Organizing Your Audition Materials
Creating a healthy rapport with any accompanist requires you to be organized and clear. Here are Lee’s helpful tips regarding music and scores:

Keep all of your arias neatly organized in one easy-to-navigate binder or book that opens easily.

Labeled tabs are a helpful tool to mark arias.

Use double-sided, three hole-punched pages.

Make sure the photocopies you use are clear. A Xerox of a Xerox of a Xerox of a Xerox may not be the tidiest looking copy.

DO NOT put your music in plastic sleeves. Glare is bad.

Clearly mark all cuts, cadenzas, da capos, etc.

In general, keep the score neat and uncluttered (no need for the accompanist to see your “Stay on the breath!” reminder while they’re playing).

Don’t be afraid to walk over to the piano and help the pianist find the second aria. It is far more awkward to watch the pianist page through a book looking for it.

Finding the Right Accompanist for You
Just as a singer must possess the fundamental skills of support, intonation, and language, an accompanist must be equipped with a solid foundation of piano technique. In OPERA America’s Perspectives: Building and Managing Your Network, professional coach and collaborative pianist Yelena Kurdina advises, “There are several key qualities a good accompanist possesses. Number one is a strong sense of rhythm and the ability to extract important harmonies that provide a clear and solid foundation (rather than play as many notes as possible). When accompanying operatic repertoire, we accompanists stand in for the orchestra. Obviously we cannot play everything on the page, even when playing from a piano reduction, but we can create the feeling of an orchestra by creating contrasts between different registers, accompanying chords and melodies, etc.”

The article goes on: “accompanists must also have the ability to simultaneously lead and follow the singer. Just as a conductor does, we have to provide a steady frame yet give a singer the freedom to express within that frame. That is a quality that makes accompanying an art.” Take all of these nuances into account when you work with an accompanist. Pay attention to how they voice the piano and how they support you, the singer.
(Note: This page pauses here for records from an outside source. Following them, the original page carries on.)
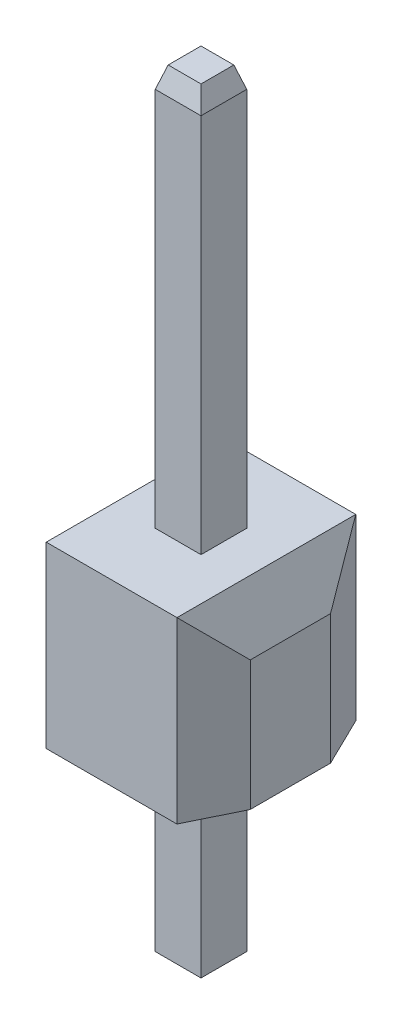
ISO-10303-21;
HEADER;
FILE_DESCRIPTION(('STEP AP214'),'2;1');
FILE_NAME('part.step','',(''),(''),'','','');
FILE_SCHEMA(('AUTOMOTIVE_DESIGN { 1 0 10303 214 1 1 1 1 }'));
ENDSEC;
DATA;
#1=APPLICATION_CONTEXT('core data for automotive mechanical design processes');
#2=APPLICATION_PROTOCOL_DEFINITION('international standard','automotive_design',2000,#1);
#3=PRODUCT_CONTEXT('',#1,'mechanical');
#4=PRODUCT('Part','Part','',(#3));
#5=PRODUCT_RELATED_PRODUCT_CATEGORY('part','',(#4));
#6=PRODUCT_DEFINITION_FORMATION('','',#4);
#7=PRODUCT_DEFINITION_CONTEXT('part definition',#1,'design');
#8=PRODUCT_DEFINITION('design','',#6,#7);
#9=PRODUCT_DEFINITION_SHAPE('','',#8);
#10=(LENGTH_UNIT() NAMED_UNIT(*) SI_UNIT(.MILLI.,.METRE.));
#11=(NAMED_UNIT(*) PLANE_ANGLE_UNIT() SI_UNIT($,.RADIAN.));
#12=(NAMED_UNIT(*) SI_UNIT($,.STERADIAN.) SOLID_ANGLE_UNIT());
#13=UNCERTAINTY_MEASURE_WITH_UNIT(LENGTH_MEASURE(1.E-05),#10,'distance_accuracy_value','');
#14=(GEOMETRIC_REPRESENTATION_CONTEXT(3) GLOBAL_UNCERTAINTY_ASSIGNED_CONTEXT((#13)) GLOBAL_UNIT_ASSIGNED_CONTEXT((#10,
#11,#12)) REPRESENTATION_CONTEXT('',''));
#15=CARTESIAN_POINT('',(0.,0.,0.));
#16=DIRECTION('',(0.,0.,1.));
#17=DIRECTION('',(1.,0.,0.));
#18=AXIS2_PLACEMENT_3D('',#15,#16,#17);
#19=CARTESIAN_POINT('',(0.,8.24,-0.233280795562401));
#20=DIRECTION('',(0.,-0.292371704722734,0.956304755963036));
#21=DIRECTION('',(0.,-0.956304755963036,-0.292371704722734));
#22=AXIS2_PLACEMENT_3D('',#19,#20,#21);
#23=PLANE('',#22);
#24=DIRECTION('',(-1.,0.,0.));
#25=VECTOR('',#24,1.);
#26=CARTESIAN_POINT('',(0.325,7.94,-0.325));
#27=LINE('',#26,#25);
#28=CARTESIAN_POINT('',(-0.325,7.94,-0.325));
#29=VERTEX_POINT('',#28);
#30=CARTESIAN_POINT('',(0.325,7.94,-0.325));
#31=VERTEX_POINT('',#30);
#32=EDGE_CURVE('E177',#29,#31,#27,.F.);
#33=ORIENTED_EDGE('',*,*,#32,.F.);
#34=DIRECTION('',(0.280623595142125,0.917878420979062,0.280623595142126));
#35=VECTOR('',#34,1.);
#36=CARTESIAN_POINT('',(-0.325,7.94,-0.325));
#37=LINE('',#36,#35);
#38=CARTESIAN_POINT('',(-0.233280795562401,8.24,-0.233280795562401));
#39=VERTEX_POINT('',#38);
#40=EDGE_CURVE('E152',#29,#39,#37,.T.);
#41=ORIENTED_EDGE('',*,*,#40,.T.);
#42=DIRECTION('',(1.,0.,0.));
#43=VECTOR('',#42,1.);
#44=CARTESIAN_POINT('',(0.,8.24,-0.233280795562401));
#45=LINE('',#44,#43);
#46=CARTESIAN_POINT('',(0.233280795562401,8.24,-0.233280795562401));
#47=VERTEX_POINT('',#46);
#48=EDGE_CURVE('E20',#47,#39,#45,.F.);
#49=ORIENTED_EDGE('',*,*,#48,.F.);
#50=DIRECTION('',(0.280623595142125,-0.917878420979062,-0.280623595142126));
#51=VECTOR('',#50,1.);
#52=CARTESIAN_POINT('',(0.233280795562401,8.24,-0.233280795562401));
#53=LINE('',#52,#51);
#54=EDGE_CURVE('E156',#47,#31,#53,.T.);
#55=ORIENTED_EDGE('',*,*,#54,.T.);
#56=EDGE_LOOP('',(#33,#41,#49,#55));
#57=FACE_BOUND('',#56,.T.);
#58=ADVANCED_FACE('F17',(#57),#23,.F.);
#59=CARTESIAN_POINT('',(0.,8.24,0.));
#60=DIRECTION('',(0.,1.,0.));
#61=DIRECTION('',(0.,0.,1.));
#62=AXIS2_PLACEMENT_3D('',#59,#60,#61);
#63=PLANE('',#62);
#64=DIRECTION('',(0.,0.,1.));
#65=VECTOR('',#64,1.);
#66=CARTESIAN_POINT('',(-0.233280795562401,8.24,0.));
#67=LINE('',#66,#65);
#68=CARTESIAN_POINT('',(-0.233280795562401,8.24,0.233280795562401));
#69=VERTEX_POINT('',#68);
#70=EDGE_CURVE('E173',#39,#69,#67,.T.);
#71=ORIENTED_EDGE('',*,*,#70,.T.);
#72=DIRECTION('',(1.,0.,0.));
#73=VECTOR('',#72,1.);
#74=CARTESIAN_POINT('',(0.,8.24,0.233280795562401));
#75=LINE('',#74,#73);
#76=CARTESIAN_POINT('',(0.233280795562401,8.24,0.233280795562401));
#77=VERTEX_POINT('',#76);
#78=EDGE_CURVE('E164',#69,#77,#75,.T.);
#79=ORIENTED_EDGE('',*,*,#78,.T.);
#80=DIRECTION('',(0.,0.,1.));
#81=VECTOR('',#80,1.);
#82=CARTESIAN_POINT('',(0.233280795562401,8.24,0.));
#83=LINE('',#82,#81);
#84=EDGE_CURVE('E160',#77,#47,#83,.F.);
#85=ORIENTED_EDGE('',*,*,#84,.T.);
#86=ORIENTED_EDGE('',*,*,#48,.T.);
#87=EDGE_LOOP('',(#71,#79,#85,#86));
#88=FACE_BOUND('',#87,.T.);
#89=ADVANCED_FACE('F162',(#88),#63,.T.);
#90=CARTESIAN_POINT('',(0.233280795562401,8.24,0.));
#91=DIRECTION('',(-0.956304755963036,-0.292371704722734,0.));
#92=DIRECTION('',(0.292371704722734,-0.956304755963036,0.));
#93=AXIS2_PLACEMENT_3D('',#90,#91,#92);
#94=PLANE('',#93);
#95=DIRECTION('',(0.,0.,-1.));
#96=VECTOR('',#95,1.);
#97=CARTESIAN_POINT('',(0.325,7.94,0.325));
#98=LINE('',#97,#96);
#99=CARTESIAN_POINT('',(0.325,7.94,0.325));
#100=VERTEX_POINT('',#99);
#101=EDGE_CURVE('E170',#31,#100,#98,.F.);
#102=ORIENTED_EDGE('',*,*,#101,.F.);
#103=ORIENTED_EDGE('',*,*,#54,.F.);
#104=ORIENTED_EDGE('',*,*,#84,.F.);
#105=DIRECTION('',(0.280623595142126,-0.917878420979062,0.280623595142125));
#106=VECTOR('',#105,1.);
#107=CARTESIAN_POINT('',(0.233280795562401,8.24,0.233280795562401));
#108=LINE('',#107,#106);
#109=EDGE_CURVE('E188',#77,#100,#108,.T.);
#110=ORIENTED_EDGE('',*,*,#109,.T.);
#111=EDGE_LOOP('',(#102,#103,#104,#110));
#112=FACE_BOUND('',#111,.T.);
#113=ADVANCED_FACE('F168',(#112),#94,.F.);
#114=CARTESIAN_POINT('',(-0.233280795562401,8.24,0.));
#115=DIRECTION('',(0.956304755963036,-0.292371704722734,0.));
#116=DIRECTION('',(0.292371704722734,0.956304755963036,0.));
#117=AXIS2_PLACEMENT_3D('',#114,#115,#116);
#118=PLANE('',#117);
#119=ORIENTED_EDGE('',*,*,#70,.F.);
#120=ORIENTED_EDGE('',*,*,#40,.F.);
#121=DIRECTION('',(0.,0.,1.));
#122=VECTOR('',#121,1.);
#123=CARTESIAN_POINT('',(-0.325,7.94,0.325));
#124=LINE('',#123,#122);
#125=CARTESIAN_POINT('',(-0.325,7.94,0.325));
#126=VERTEX_POINT('',#125);
#127=EDGE_CURVE('E193',#126,#29,#124,.F.);
#128=ORIENTED_EDGE('',*,*,#127,.F.);
#129=DIRECTION('',(0.280623595142126,0.917878420979062,-0.280623595142126));
#130=VECTOR('',#129,1.);
#131=CARTESIAN_POINT('',(-0.325,7.94,0.325));
#132=LINE('',#131,#130);
#133=EDGE_CURVE('E190',#126,#69,#132,.T.);
#134=ORIENTED_EDGE('',*,*,#133,.T.);
#135=EDGE_LOOP('',(#119,#120,#128,#134));
#136=FACE_BOUND('',#135,.T.);
#137=ADVANCED_FACE('F629',(#136),#118,.F.);
#138=CARTESIAN_POINT('',(0.325,-2.76,-0.325));
#139=DIRECTION('',(0.,0.,-1.));
#140=DIRECTION('',(-1.,0.,0.));
#141=AXIS2_PLACEMENT_3D('',#138,#139,#140);
#142=PLANE('',#141);
#143=DIRECTION('',(0.,1.,0.));
#144=VECTOR('',#143,1.);
#145=CARTESIAN_POINT('',(0.325,-2.76,-0.325));
#146=LINE('',#145,#144);
#147=CARTESIAN_POINT('',(0.325,2.54,-0.325));
#148=VERTEX_POINT('',#147);
#149=EDGE_CURVE('E181',#148,#31,#146,.T.);
#150=ORIENTED_EDGE('',*,*,#149,.F.);
#151=DIRECTION('',(-1.,0.,0.));
#152=VECTOR('',#151,1.);
#153=CARTESIAN_POINT('',(0.325,2.54,-0.325));
#154=LINE('',#153,#152);
#155=CARTESIAN_POINT('',(-0.325,2.54,-0.325));
#156=VERTEX_POINT('',#155);
#157=EDGE_CURVE('E179',#148,#156,#154,.T.);
#158=ORIENTED_EDGE('',*,*,#157,.T.);
#159=DIRECTION('',(0.,1.,0.));
#160=VECTOR('',#159,1.);
#161=CARTESIAN_POINT('',(-0.325,-2.76,-0.325));
#162=LINE('',#161,#160);
#163=EDGE_CURVE('E196',#29,#156,#162,.F.);
#164=ORIENTED_EDGE('',*,*,#163,.F.);
#165=ORIENTED_EDGE('',*,*,#32,.T.);
#166=EDGE_LOOP('',(#150,#158,#164,#165));
#167=FACE_BOUND('',#166,.T.);
#168=ADVANCED_FACE('F619',(#167),#142,.T.);
#169=CARTESIAN_POINT('',(0.325,-2.6682807955624,0.325));
#170=DIRECTION('',(0.,-0.956304755963036,0.292371704722736));
#171=DIRECTION('',(0.,-0.292371704722736,-0.956304755963036));
#172=AXIS2_PLACEMENT_3D('',#169,#170,#171);
#173=PLANE('',#172);
#174=DIRECTION('',(-0.69114074934468,-0.211302932280998,-0.69114074934468));
#175=VECTOR('',#174,1.);
#176=CARTESIAN_POINT('',(0.325,-2.6682807955624,0.325));
#177=LINE('',#176,#175);
#178=CARTESIAN_POINT('',(0.325,-2.6682807955624,0.325));
#179=VERTEX_POINT('',#178);
#180=CARTESIAN_POINT('',(0.0249999999999966,-2.76,0.0249999999999966));
#181=VERTEX_POINT('',#180);
#182=EDGE_CURVE('E201',#179,#181,#177,.T.);
#183=ORIENTED_EDGE('',*,*,#182,.F.);
#184=DIRECTION('',(1.,0.,0.));
#185=VECTOR('',#184,1.);
#186=CARTESIAN_POINT('',(0.325,-2.6682807955624,0.325));
#187=LINE('',#186,#185);
#188=CARTESIAN_POINT('',(-0.325,-2.6682807955624,0.325));
#189=VERTEX_POINT('',#188);
#190=EDGE_CURVE('E214',#189,#179,#187,.T.);
#191=ORIENTED_EDGE('',*,*,#190,.F.);
#192=DIRECTION('',(-0.69114074934468,0.211302932280998,0.69114074934468));
#193=VECTOR('',#192,1.);
#194=CARTESIAN_POINT('',(-0.0249999999999965,-2.76,0.0249999999999966));
#195=LINE('',#194,#193);
#196=CARTESIAN_POINT('',(-0.0249999999999967,-2.76,0.0249999999999967));
#197=VERTEX_POINT('',#196);
#198=EDGE_CURVE('E211',#197,#189,#195,.T.);
#199=ORIENTED_EDGE('',*,*,#198,.F.);
#200=DIRECTION('',(1.,0.,0.));
#201=VECTOR('',#200,1.);
#202=CARTESIAN_POINT('',(0.,-2.76,0.0249999999999966));
#203=LINE('',#202,#201);
#204=EDGE_CURVE('E204',#197,#181,#203,.T.);
#205=ORIENTED_EDGE('',*,*,#204,.T.);
#206=EDGE_LOOP('',(#183,#191,#199,#205));
#207=FACE_BOUND('',#206,.T.);
#208=ADVANCED_FACE('F609',(#207),#173,.T.);
#209=CARTESIAN_POINT('',(0.325,-2.76,0.325));
#210=DIRECTION('',(1.,0.,0.));
#211=DIRECTION('',(0.,0.,-1.));
#212=AXIS2_PLACEMENT_3D('',#209,#210,#211);
#213=PLANE('',#212);
#214=DIRECTION('',(0.,1.,0.));
#215=VECTOR('',#214,1.);
#216=CARTESIAN_POINT('',(0.325,-2.76,0.325));
#217=LINE('',#216,#215);
#218=CARTESIAN_POINT('',(0.325,2.54,0.325));
#219=VERTEX_POINT('',#218);
#220=EDGE_CURVE('E223',#219,#100,#217,.T.);
#221=ORIENTED_EDGE('',*,*,#220,.F.);
#222=DIRECTION('',(0.,0.,-1.));
#223=VECTOR('',#222,1.);
#224=CARTESIAN_POINT('',(0.325,2.54,0.325));
#225=LINE('',#224,#223);
#226=EDGE_CURVE('E184',#219,#148,#225,.T.);
#227=ORIENTED_EDGE('',*,*,#226,.T.);
#228=ORIENTED_EDGE('',*,*,#149,.T.);
#229=ORIENTED_EDGE('',*,*,#101,.T.);
#230=EDGE_LOOP('',(#221,#227,#228,#229));
#231=FACE_BOUND('',#230,.T.);
#232=ADVANCED_FACE('F599',(#231),#213,.T.);
#233=CARTESIAN_POINT('',(0.,8.24,0.233280795562401));
#234=DIRECTION('',(0.,-0.292371704722734,-0.956304755963036));
#235=DIRECTION('',(0.,0.956304755963036,-0.292371704722734));
#236=AXIS2_PLACEMENT_3D('',#233,#234,#235);
#237=PLANE('',#236);
#238=DIRECTION('',(1.,0.,0.));
#239=VECTOR('',#238,1.);
#240=CARTESIAN_POINT('',(0.325,7.94,0.325));
#241=LINE('',#240,#239);
#242=EDGE_CURVE('E226',#100,#126,#241,.F.);
#243=ORIENTED_EDGE('',*,*,#242,.F.);
#244=ORIENTED_EDGE('',*,*,#109,.F.);
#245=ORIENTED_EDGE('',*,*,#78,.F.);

If you feel that the collaboration is a success and that your personalities complement each other, stay in touch with that accompanist!

Knowing Where to Look
“Most of my relationships with singers result from working at educational programs or in shows, so that’s a good place to start” advises Lee, “Keep track of the people you work with.” The opera business is a relatively small one, so learn to network with your colleagues and friends in the business and get recommendations from them. Additionally, large cities like New York generally have a lot of pianists at auditions. Don’t be afraid to talk to them and see if they are available and would like to set up a coaching session or rehearsal. Remember, it is essential to know a few people with whom you work well and who are reliable. “If you plan on having a career as a singer,” says Lee, “it is important to find a steady coach/accompanist. Having someone on your team who knows you and knows your repertoire is an enormous asset.”